_EXTRACTED MATERIAL:_
= = = = = = =

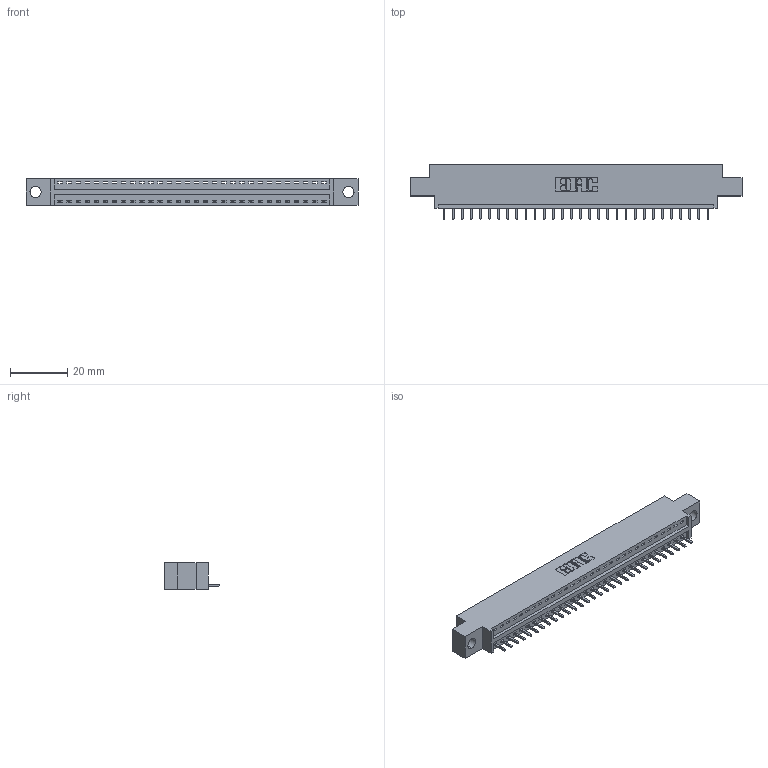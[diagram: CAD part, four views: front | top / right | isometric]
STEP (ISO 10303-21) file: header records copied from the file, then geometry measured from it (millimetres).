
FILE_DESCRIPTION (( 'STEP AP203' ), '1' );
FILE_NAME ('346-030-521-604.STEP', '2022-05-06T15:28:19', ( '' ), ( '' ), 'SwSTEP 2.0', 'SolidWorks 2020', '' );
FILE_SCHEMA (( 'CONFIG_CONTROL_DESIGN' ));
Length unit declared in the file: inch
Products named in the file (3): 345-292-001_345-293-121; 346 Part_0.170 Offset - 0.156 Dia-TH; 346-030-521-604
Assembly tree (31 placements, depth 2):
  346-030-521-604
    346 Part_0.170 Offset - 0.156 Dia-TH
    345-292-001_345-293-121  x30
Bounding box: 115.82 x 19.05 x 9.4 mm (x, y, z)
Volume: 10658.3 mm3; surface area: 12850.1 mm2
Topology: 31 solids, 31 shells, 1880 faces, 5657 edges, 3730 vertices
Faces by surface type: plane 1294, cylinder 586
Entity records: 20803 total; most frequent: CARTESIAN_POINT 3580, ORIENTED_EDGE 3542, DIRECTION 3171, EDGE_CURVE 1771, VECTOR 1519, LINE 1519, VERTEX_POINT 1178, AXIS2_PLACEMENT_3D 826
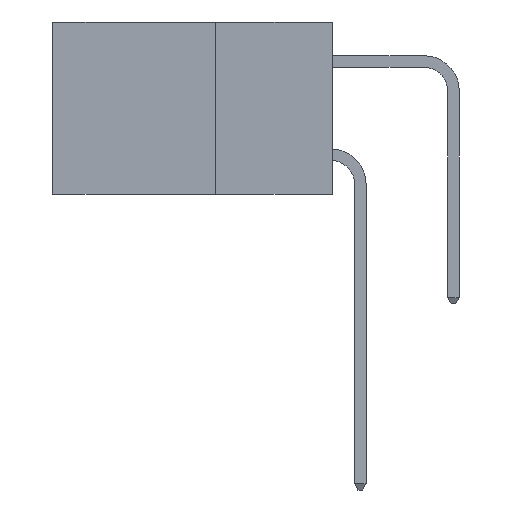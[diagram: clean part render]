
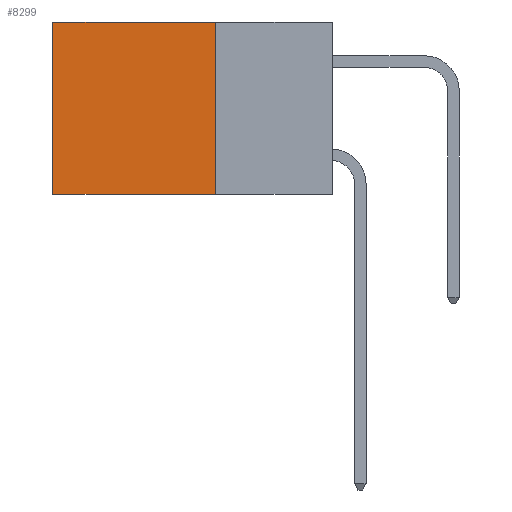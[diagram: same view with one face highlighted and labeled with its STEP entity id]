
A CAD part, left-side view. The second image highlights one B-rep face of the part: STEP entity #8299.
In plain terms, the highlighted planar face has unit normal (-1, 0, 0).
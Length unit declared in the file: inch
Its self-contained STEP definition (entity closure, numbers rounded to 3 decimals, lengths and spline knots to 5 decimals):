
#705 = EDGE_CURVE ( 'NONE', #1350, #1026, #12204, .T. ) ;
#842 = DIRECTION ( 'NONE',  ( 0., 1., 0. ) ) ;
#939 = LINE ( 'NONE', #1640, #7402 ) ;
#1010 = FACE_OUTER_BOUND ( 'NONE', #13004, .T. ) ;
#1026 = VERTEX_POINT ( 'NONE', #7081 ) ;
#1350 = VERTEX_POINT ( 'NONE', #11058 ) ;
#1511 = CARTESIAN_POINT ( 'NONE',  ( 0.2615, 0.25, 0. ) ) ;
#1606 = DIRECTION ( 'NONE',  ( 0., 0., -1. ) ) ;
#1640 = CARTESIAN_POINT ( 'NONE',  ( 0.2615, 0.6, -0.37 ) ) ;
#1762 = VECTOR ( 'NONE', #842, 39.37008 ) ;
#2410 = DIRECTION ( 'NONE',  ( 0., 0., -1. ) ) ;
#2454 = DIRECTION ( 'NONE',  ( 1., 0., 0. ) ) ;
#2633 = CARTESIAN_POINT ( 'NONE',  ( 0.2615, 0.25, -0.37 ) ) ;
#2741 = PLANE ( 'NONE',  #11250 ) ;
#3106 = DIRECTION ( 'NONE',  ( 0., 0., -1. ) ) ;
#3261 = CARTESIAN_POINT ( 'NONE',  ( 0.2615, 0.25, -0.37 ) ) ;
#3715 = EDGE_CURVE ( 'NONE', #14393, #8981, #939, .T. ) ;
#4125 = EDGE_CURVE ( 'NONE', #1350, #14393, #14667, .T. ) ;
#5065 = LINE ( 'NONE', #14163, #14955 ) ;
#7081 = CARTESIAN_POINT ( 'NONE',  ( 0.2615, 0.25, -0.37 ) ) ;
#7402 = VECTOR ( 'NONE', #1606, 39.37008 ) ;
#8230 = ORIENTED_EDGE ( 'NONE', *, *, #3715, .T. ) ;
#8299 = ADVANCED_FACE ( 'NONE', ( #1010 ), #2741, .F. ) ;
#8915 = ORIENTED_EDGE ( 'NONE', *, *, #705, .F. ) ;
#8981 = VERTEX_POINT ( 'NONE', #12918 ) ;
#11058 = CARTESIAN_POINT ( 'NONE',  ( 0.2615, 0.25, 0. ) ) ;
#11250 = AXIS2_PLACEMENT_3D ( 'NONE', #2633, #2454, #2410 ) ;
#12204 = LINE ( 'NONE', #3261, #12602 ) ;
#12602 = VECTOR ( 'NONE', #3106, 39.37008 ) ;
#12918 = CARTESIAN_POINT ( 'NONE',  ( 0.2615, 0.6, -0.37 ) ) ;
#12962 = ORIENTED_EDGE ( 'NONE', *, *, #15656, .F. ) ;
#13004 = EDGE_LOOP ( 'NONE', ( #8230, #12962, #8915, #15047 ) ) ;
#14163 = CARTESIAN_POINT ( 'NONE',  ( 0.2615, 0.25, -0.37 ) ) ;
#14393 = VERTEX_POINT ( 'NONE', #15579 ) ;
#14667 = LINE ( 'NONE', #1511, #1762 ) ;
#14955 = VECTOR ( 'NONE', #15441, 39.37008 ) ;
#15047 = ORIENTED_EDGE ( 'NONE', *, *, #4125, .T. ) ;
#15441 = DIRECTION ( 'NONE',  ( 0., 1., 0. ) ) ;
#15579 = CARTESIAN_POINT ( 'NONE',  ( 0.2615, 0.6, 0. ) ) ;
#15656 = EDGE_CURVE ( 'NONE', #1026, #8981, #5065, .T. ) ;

= = = = = = =

_WHAT THIS TASK INVOLVES:_ Find each line in the material above that carries the string "Offset", and copy it.

_YOUR SOLUTION:_
Products named in the file (3): 345-292-001_345-293-121; 346 Part_0.170 Offset - 0.156 Dia-TH; 346-030-521-604
    346 Part_0.170 Offset - 0.156 Dia-TH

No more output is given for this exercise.